■ Your assignment:
Apart from the pictures, every entry below must be given again exactly.

==== Data for this exercise ====

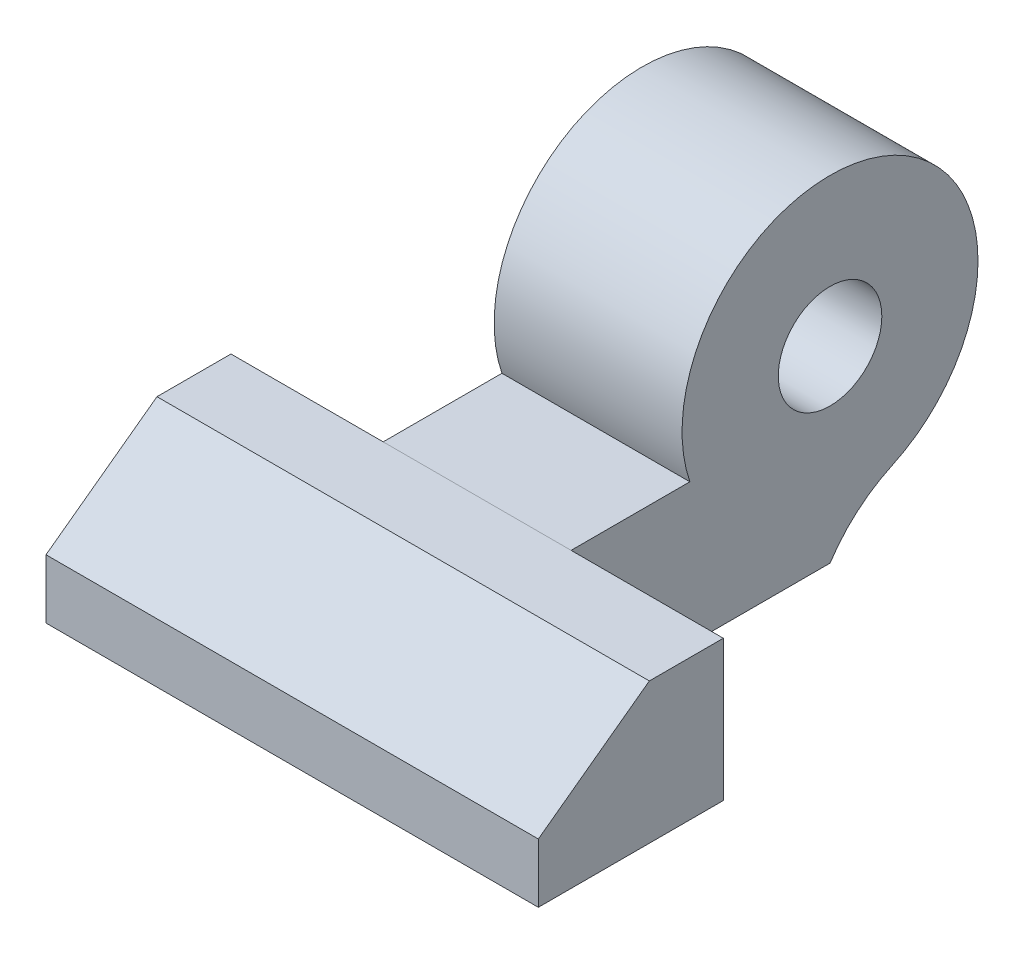
SolidWorks part; units mm, degrees
ref_plane "Front Plane" through (0, 0, 0) normal (0, 0, 1) x (1, 0, 0)
ref_plane "Top Plane" through (0, 0, 0) normal (0, 1, 0) x (1, 0, 0)
ref_plane "Right Plane" through (0, 0, 0) normal (1, 0, 0) x (0, 0, -1)
sketch "Sketch1" plane through (0, 0, 0) normal (1, 0, 0) x (0, 0, -1)
  line L0 (0, -12.7) -> (-30, -12.7)
  line L1 (-30, -12.7) -> (-30, -8.7)
  line L2 (-30, -8.7) -> (-22.5, -3.2)
  line L3 (-22.5, -3.2) -> (-9.4742, -3.2)
  line L5 (0, -12.7) -> (0, -10)
  arc A0 (0, -9.525) -> (-8.9714, -3.2) centre (0, 0) ccw construction
  arc A1 (0, -11) -> (-10.5243, -3.2) centre (0, 0) ccw construction
  circle A2 centre (0, 0) radius 3.5
  arc A3 (0, -10) -> (-9.4742, -3.2) centre (0, 0) ccw
  dimension "D1" = 19.05
  dimension "D2" = 6.5
  dimension "D6" = 22
  dimension "D9" = 7
  dimension "D3" = 9.5
  dimension "D4" = 4
  dimension "D5" = 12.7
  dimension "D7" = 7.5
  dimension "D8" = 30
extrude "Boss-Extrude1" add sketch "Sketch1" along normal mid plane 12.7
sketch "Sketch4" plane through (0, 0, 0) normal (1, 0, 0) x (0, 0, -1)
  line L0 (-17.5, -3.2) -> (-17.5, -12.7)
  line L5 (0, -12.7) -> (0, -10)
  line L6 (-9.4742, -3.2) -> (-22.5, -3.2)
  line L7 (-22.5, -3.2) -> (-30, -8.7)
  line L8 (-30, -8.7) -> (-30, -12.7)
  line L9 (-30, -12.7) -> (0, -12.7)
  line L11 (-17.5, -3.2) -> (-22.5, -3.2)
  line L12 (-22.5, -3.2) -> (-30, -8.7)
  line L13 (-30, -8.7) -> (-30, -12.7)
  line L14 (-30, -12.7) -> (-17.5, -12.7)
  arc A1 (0, -10) -> (-9.4742, -3.2) centre (0, 0) ccw
  dimension "D2" = 5
  dimension "D1" = 0
extrude "Boss-Extrude2" add sketch "Sketch4" along normal mid plane 33.274 separate body contours L11 L12 L13 L14 region at (0, -8.5631, 22.9618)
fillet "Fillet1" radius 10 1 edges at (0, -10, 0)

====

■ Exercise result:
SolidWorks part; units mm, degrees
ref_plane "Front Plane" through (0, 0, 0) normal (0, 0, 1) x (1, 0, 0)
ref_plane "Top Plane" through (0, 0, 0) normal (0, 1, 0) x (1, 0, 0)
ref_plane "Right Plane" through (0, 0, 0) normal (1, 0, 0) x (0, 0, -1)
sketch "Sketch1" plane through (0, 0, 0) normal (1, 0, 0) x (0, 0, -1)
  line L0 (0, -12.7) -> (-30, -12.7)
  line L1 (-30, -12.7) -> (-30, -8.7)
  line L2 (-30, -8.7) -> (-22.5, -3.2)
  line L3 (-22.5, -3.2) -> (-9.4742, -3.2)
  line L5 (0, -12.7) -> (0, -10)
  arc A0 (0, -9.525) -> (-8.9714, -3.2) centre (0, 0) ccw construction
  arc A1 (0, -11) -> (-10.5243, -3.2) centre (0, 0) ccw construction
  circle A2 centre (0, 0) radius 3.5
  arc A3 (0, -10) -> (-9.4742, -3.2) centre (0, 0) ccw
  dimension "D1" = 19.05
  dimension "D2" = 6.5
  dimension "D6" = 22
  dimension "D9" = 7
  dimension "D3" = 9.5
  dimension "D4" = 4
  dimension "D5" = 12.7
  dimension "D7" = 7.5
  dimension "D8" = 30
extrude "Boss-Extrude1" add sketch "Sketch1" along normal mid plane 12.7
sketch "Sketch4" plane through (0, 0, 0) normal (1, 0, 0) x (0, 0, -1)
  line L0 (-17.5, -3.2) -> (-17.5, -12.7)
  line L5 (0, -12.7) -> (0, -10)
  line L6 (-9.4742, -3.2) -> (-22.5, -3.2)
  line L7 (-22.5, -3.2) -> (-30, -8.7)
  line L8 (-30, -8.7) -> (-30, -12.7)
  line L9 (-30, -12.7) -> (0, -12.7)
  line L11 (-17.5, -3.2) -> (-22.5, -3.2)
  line L12 (-22.5, -3.2) -> (-30, -8.7)
  line L13 (-30, -8.7) -> (-30, -12.7)
  line L14 (-30, -12.7) -> (-17.5, -12.7)
  arc A1 (0, -10) -> (-9.4742, -3.2) centre (0, 0) ccw
  dimension "D2" = 5
  dimension "D1" = 0
extrude "Boss-Extrude2" add sketch "Sketch4" along normal mid plane 33.274 separate body contours L11 L12 L13 L14 region at (0, -8.5631, 22.9618)
fillet "Fillet1" radius 10 1 edges at (0, -10, 0)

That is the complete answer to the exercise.